View From Sapsucker Woods: Pushed to the Top by Climate Change

One of the biggest challenges posed by climate change is that it is so difficult to see. Because many of its effects are long-term and hard for humans to perceive, our tendency can be to “wish it away.” Short-term episodes such as sizzling heat spells and super-storms (e.g., Hurricane Sandy) capture the news and generate conversation about climate change, but these events fall under the category of weather, not climate. The former refers to day-to-day variations in temperature, precipitation, wind, and air pressure, while the latter describes long-term averages of weather variables, and their enduring influences on physical and biological environments.

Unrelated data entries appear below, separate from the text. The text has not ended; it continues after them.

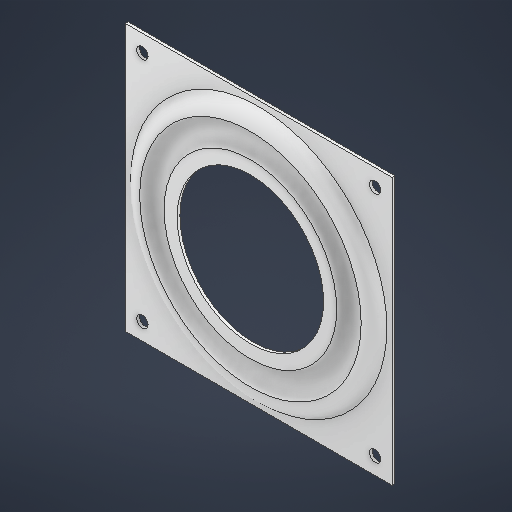
# Autodesk Inventor part: plataforma_giratória_94L)4polegadas)
Saved by Autodesk Inventor 2025.2 (Build 292293000, 293)
## iProperties
Created: 2025-04-27
Part Number: plataforma_giratória_94L)4polegadas)
Material: Generic
Document SubType Name: Modeling
Designer: Tiago
Density: 1 g/cm^3
Appearance: Default
Author: Tiago
Autodesk Inventor part; units mm, degrees
ref_plane "YZ Plane" through (0, 0, 0) normal (1, 0, 0) x (0, 1, 0)
ref_plane "XZ Plane" through (0, 0, 0) normal (0, 1, 0) x (-1, 0, 0)
ref_plane "XY Plane" through (0, 0, 0) normal (0, 0, 1) x (1, 0, 0)
sketch "Sketch1" plane through (0, 0, 0) normal (0, 0, 1) x (1, 0, 0)
  circle A0 centre (0, 0) radius 17.5
  line L0 (-47, 47) -> (47, 47)
  line L1 (47, 47) -> (47, -47)
  line L2 (47, -47) -> (-47, -47)
  line L3 (-47, -47) -> (-47, 47)
  line L4 (-47, 47) -> (47, -47) construction
  line L5 (47, 47) -> (-47, -47) construction
  line L6 (0, 41) -> (0, -41) construction
  line L7 (0, 41) -> (41, 41) construction
  line L8 (-41, 0) -> (41, 0) construction
  circle A1 centre (41, 41) radius 2
  circle A2 centre (41, -41) radius 2
  circle A3 centre (-41, 41) radius 2
  circle A4 centre (-41, -41) radius 2
  circle A5 centre (0, 0) radius 41
  circle A6 centre (0, 0) radius 42.925
  dimension "di" = 35
  dimension "L" = 94
  dimension "d2" = 94
  dimension "d4" = 82
  dimension "d5" = 82
  dimension "d6" = 4
  dimension "d20" = 85.85
  constraints: 18 end point, 6 centre point, 4 coincident, 4 midpoint, 3 symmetric about line, 2 horizontal, 2 parallel, 2 perpendicular, 1 point on line, 1 vertical alignment, 5 other
  measures "di" diameter of A0
  measures "L" distance of L1.end L2.end
  measures "d2" distance of L0.end L1.end
  measures "d4" distance of L6.start L6.end
  measures "d5" distance of L8.start L8.end
  measures "d6" diameter of A1
  measures "d20" diameter of A6
extrude "Extrusion2" add sketch "Sketch1" along normal blind 1 contours L0 L1 L2 L3
sketch "Sketch2" plane through (0, 0, 0) normal (0, 1, 0) x (-1, 0, 0)
  line L0 (42.925, 1) -> (47, 1) projected
  line L1 (47, 1) -> (47, 0) projected
  line L2 (-47, 0) -> (-47, 1) projected
  line L3 (-47, 1) -> (-42.925, 1) projected
  line L4 (47, 0) -> (44.65, 0)
  line L5 (-47, 0) -> (47, 0) projected
  line L6 (44.65, 0) -> (39.65, 0)
  line L7 (39.65, 0) -> (39.65, 3) construction
  arc A0 (44.65, 0) -> (39.65, 3) centre (39.452, -2.9967) ccw
  line L8 (39.65, 3) -> (29.8, 3) construction
  arc A1 (29.8, 3) -> (39.65, 3) centre (34.725, 5.5426) ccw
  line L9 (29.8, 3) -> (25.8, 3)
  arc A2 (45.735, -0.0258) -> (39.0291, 3.9404) centre (39.452, -2.9967) ccw
  arc A3 (30.4174, 3.95) -> (39.0291, 3.9404) centre (34.725, 5.5426) ccw
  line L10 (30.4174, 3.95) -> (25.8, 3.95)
  line L11 (-47, 1) -> (47, 1) projected
  line L12 (43.927, 1) -> (45.1378, 1)
  line L13 (25.8, 3.95) -> (25.8, 3)
  line L14 (47, 0) -> (42.925, 0) projected
  line L15 (-42.925, 0) -> (-47, 0) projected
  line L16 (0, -4.8295) -> (0, 8.0307) projected
  line L17 (42.925, 0) -> (42.925, 1) projected
  line L18 (-42.925, 1) -> (-42.925, 0) projected
  line L19 (23.595, 4) -> (45.4292, 4)
  point P0 (0, 0)
  point P1 (43.927, 1)
  dimension "d11" = 2.35
  dimension "d12" = 5
  dimension "d13" = 3
  dimension "d14" = 6
  dimension "d15" = 9.85
  dimension "d16" = 4
  dimension "d17" = 0.95
  constraints: 18 end point, 10 point on circle, 4 centre point, 4 point on line, 3 horizontal, 1 perpendicular, 1 tangent, 1 vertical, 2 other
  measures "d11" distance of L1.end L4.end
  measures "d12" distance of L4.end L6.end
  measures "d13" distance of L6.end L7.end
  measures "d14" radius of A0
  measures "d15" distance of L7.end L8.end
  measures "d16" distance of L8.end L9.end
  measures "d17" radial gap between concentric circles of A0 A2
revolve "Revolution1" add sketch "Sketch2" angle 360 about axis through (0, 0, -10) along (0, 0, 1) contours A0 A1 L11 A3 A2 L0 | A1 L11 A3 | A1 L9 L13 L10 A3 L11
fillet "Fillet2" radius 1 1 edges at (-42.925, 0, 0) curvature continuous yes
equation "\"d2\" = L"
equation "\"d4\" = L_furos"
equation "\"d5\" = L_furos"
equation "\"L_furos\" = 82"
body "Solid1"

Telltale signs of climate change do exist, and some are dramatic, such as the stunning then-and-now photographs of the world’s great glaciers. Of the 150 glaciers identified and photographed a century ago in Montana’s Glacier National Park, for example, only 25 exist today and researchers predict that most of these will be gone by 2030. Glaciers are receding all over the world, and no reputable scientist disputes that this is being caused by climate change. Two remarkable new studies by young scientists at the Cornell Lab have shed dramatic new light on an important (and alarming) biological effect of climate change.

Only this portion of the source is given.